Nothing Like the Real Thing


April 6, 2012

students look at textile while professor points at material

By Laura Donnelly-Smith

It’s chilly and dimly lit in a basement storage room of the Textile Museum, where an air-circulation system hums without fail in the background, keeping the room’s temperature and humidity at the proper levels to protect the room’s precious contents. On a large display table, a museum staffer carefully unfurls a piece: a maroon velvet textile woven with white botanical patterns. Vibrantly colored and exquisite, it belies its age—the piece is perhaps 400 years old.

Sumru Belger Krody, a senior curator at the museum and a GW professorial lecturer of art history, asks the six students in her seminar class, Textiles and Politics, to step closer and begin describing the piece.

“Start with the basics,” she encourages them. “It’s a floral design, on a red background. Probably from the shininess, it’s silk, although you cannot know until the analysis of it. This area looks like metallic thread. And it’s velvet, because it has this fuzz. If you look closely there’s a difference between the white area and what’s sticking up.”

Upstairs in a classroom, the students had been discussing displays of wealth, power and authority via textile gift-giving in the imperial societies of Safavid Iran, Ottoman Turkey, Mughal India and various European courts. Now that they’re looking at the real thing—an actual 17th-century textile—Ms. Krody pushes them to apply what they’ve discussed and try to determine the piece’s origins.

“We’ve looked at Mughals, Safavids and Ottomans. Any guesses?” she asks. “Look at the imagery. The imagery will tell you.”

This course, taught at the Textile Museum in conjunction with GW’s Department of Fine Arts and Art History, provides graduate students with the unique opportunity to get first-hand experience examining and analyzing centuries-old textiles. Each week, the students spend approximately the first two hours of the once-weekly class in a lecture, and then head into the Textile Museum’s storage areas for the last 30 minutes to put what they’ve learned into immediate use.

Having the collections accessible is vital, Ms. Krody said.

“I want [students] to have experience in object-based research, rather than only theoretical research. I want them to appreciate the beauty and power of art by having close encounters with it in more intimate surroundings, not through a slide. And I want students to take away skills from the course that will help them in other classes, in their chosen careers and in life: appreciating art, observing, thinking and reading critically about an art object, writing and presenting their thoughts lucidly,” she said.

In 2014, the Textile Museum’s entire collection will move to a new home when the museum becomes affiliated with the George Washington University Museum. The new GW museum will be housed in a custom-built, approximately 35,000-square-foot building at G and 21st streets, putting the Textile Museum’s exhibits even closer to GW faculty, students and researchers. The museum’s collection—more than 19,000 objects—will be stored in a specially designed conservation center on GW’s Virginia Science and Technology Campus in Loudoun County, Va.

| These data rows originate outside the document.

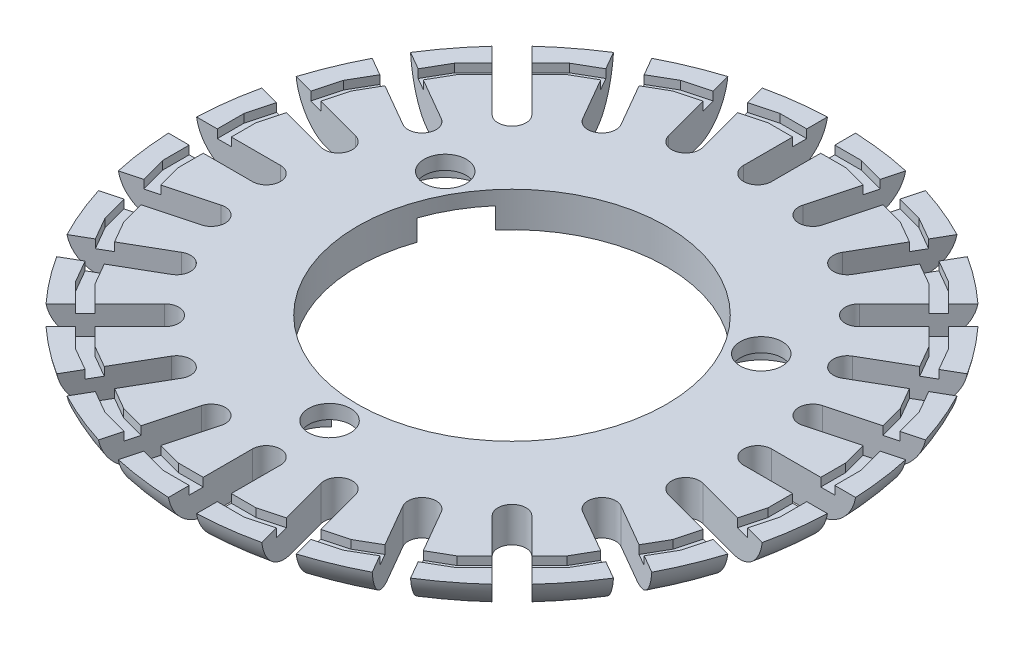
SolidWorks part; units mm, degrees
ref_plane "Plano frontal" through (0, 0, 0) normal (0, 0, 1) x (1, 0, 0)
ref_plane "Plano superior" through (0, 0, 0) normal (0, 1, 0) x (1, 0, 0)
ref_plane "Plano direito" through (0, 0, 0) normal (1, 0, 0) x (0, 0, -1)
sketch "Esboço1" plane through (0, 0, 0) normal (0, 1, 0) x (1, 0, 0)
  circle A0 centre (0, 0) radius 23.5
  dimension "D1" = 47
extrude "Ressalto-extrusão1" add sketch "Esboço1" along normal blind 2.5
fillet "Filete1" radius 3 1 edges at (0, 0, 23.5)
sketch "Esboço2" plane through (0, 2.5, 0) normal (0, 1, 0) x (1, 0, 0)
  line L0 (0, 0) -> (0, 23.9078) construction
  line L2 (1, 17.5) -> (1, 23.5)
  line L3 (1, 23.5) -> (-1, 23.5)
  line L4 (0, 23.5) -> (7.8408, 23.5) construction
  line L5 (-1, 17.5) -> (-1, 23.5)
  arc A0 (-1, 17.5) -> (1, 17.5) centre (0, 17.5) ccw
  circle A3 centre (0, 0) radius 23.5 construction
  point P12 (0, 16.5)
  dimension "D2" = 6
  dimension "D1" = 1
extrude "Corte-extrusão1" cut sketch "Esboço2" against normal through all
pattern_circular "PadrãoCircular1" count 24 over 360 about axis through (0, 2.5, 0) along (0, 1, 0) of "Corte-extrusão1"
sketch "Esboço4" plane through (0, 2.5, 0) normal (0, 1, 0) x (1, 0, 0)
  line L0 (0, 0) -> (-3.0674, 23.299) construction
  line L1 (0, 0) -> (3.0674, 23.299) construction
  line L2 (-2.8964, 22) -> (2.8964, 22)
  line L3 (2.8964, 22) -> (2.7647, 21)
  line L4 (2.7647, 21) -> (-2.7647, 21)
  line L5 (-2.7647, 21) -> (-2.8964, 22)
  arc A2 (5.1108, 22.9375) -> (1, 23.4787) centre (0, 0) ccw construction
  arc A3 (-1, 23.4787) -> (-5.1108, 22.9375) centre (0, 0) ccw construction
  dimension "D1" = 1
  dimension "D2" = 21
extrude "Corte-extrusão2" cut sketch "Esboço4" against normal blind 0.6
pattern_circular "PadrãoCircular2" count 24 over 360 about axis through (0, 2.5, 0) along (0, 1, 0) of "Corte-extrusão2"
sketch "Esboço5" plane through (0, 2.5, 0) normal (0, 1, 0) x (1, 0, 0)
  circle A0 centre (0, 0) radius 11
  dimension "D1" = 22
extrude "Corte-extrusão3" cut sketch "Esboço5" against normal through all
sketch "Esboço6" plane through (0, 2.5, 0) normal (0, 1, 0) x (1, 0, 0)
  circle A4 centre (-11.2583, 6.5) radius 1.5
  circle A5 centre (11.2583, 6.5) radius 1.5
  circle A6 centre (0, -13) radius 1.5
  dimension "D5" = 3
extrude "Corte-extrusão5" cut sketch "Esboço6" against normal blind 2.5
sketch "Esboço8" plane through (0, 0, 0) normal (0, -1, 0) x (-1, 0, 0)
  circle A0 centre (11.2583, 6.5) radius 3
  circle A1 centre (-11.2583, 6.5) radius 3
  circle A2 centre (0, -13) radius 3
  dimension "D1" = 6
extrude "Corte-extrusão6" cut sketch "Esboço8" against normal blind 1.5

“When the museum opens on the Foggy Bottom campus, students across GW will have the opportunity to experience exhibitions of textile art from around the world,” said Lee Talbot, a Textile Museum curator of Eastern Hemisphere Collections who co-teaches the Textiles and Politics course. “And while we are teaching this course with the Department of Fine Arts and Art History, textiles are also relevant to disciplines ranging from anthropology to the applied sciences.”

Lauren McDonald, a second-year art history master’s student, is a member of the Textiles and Politics class. For her, the decision to take the course was easy, even though it met off GW’s Foggy Bottom campus.

“I’m really interested in how ideas are transmitted through portable objects like textiles,” she said. “With this course, we go [into the collection] every single week. That’s really essential to understanding how the textiles are made. You have to look at them very closely.”

And examining the objects up close is vastly superior to seeing slides or computer images, she said.

“In art history, objects are the primary sources; they’re what drive our research and the work that we do,” she said. “Today we were looking at velvet….you really can’t get that from a screen.”

Although Ms. McDonald will have graduated by the time the George Washington University Museum opens in two years, she plans to visit as an alumna. Her professor, meanwhile, is looking forward to the new partnership for many reasons.

“From the perspective of a curator, I think the affiliation presents many opportunities,” Ms. Krody said. “I believe curatorial staff will have a chance to engage their colleagues in academia for discussions or collaborative research, thus bringing the theoretical and the object-based research sides of art history closer together. This will result in more in-depth study of art and art objects. And from the audience perspective, this type of engagement will lead to more original and thought-provoking subject matter.”

And while not everyone has the chance to peek inside the collections storerooms, the velvet textile the students viewed (an Ottoman cushion cover, as it turned out) will be on view in the upcoming exhibition “The Sultan’s Garden: The Blossoming of Ottoman Art,” opening at the Textile Museum on September 21, 2012.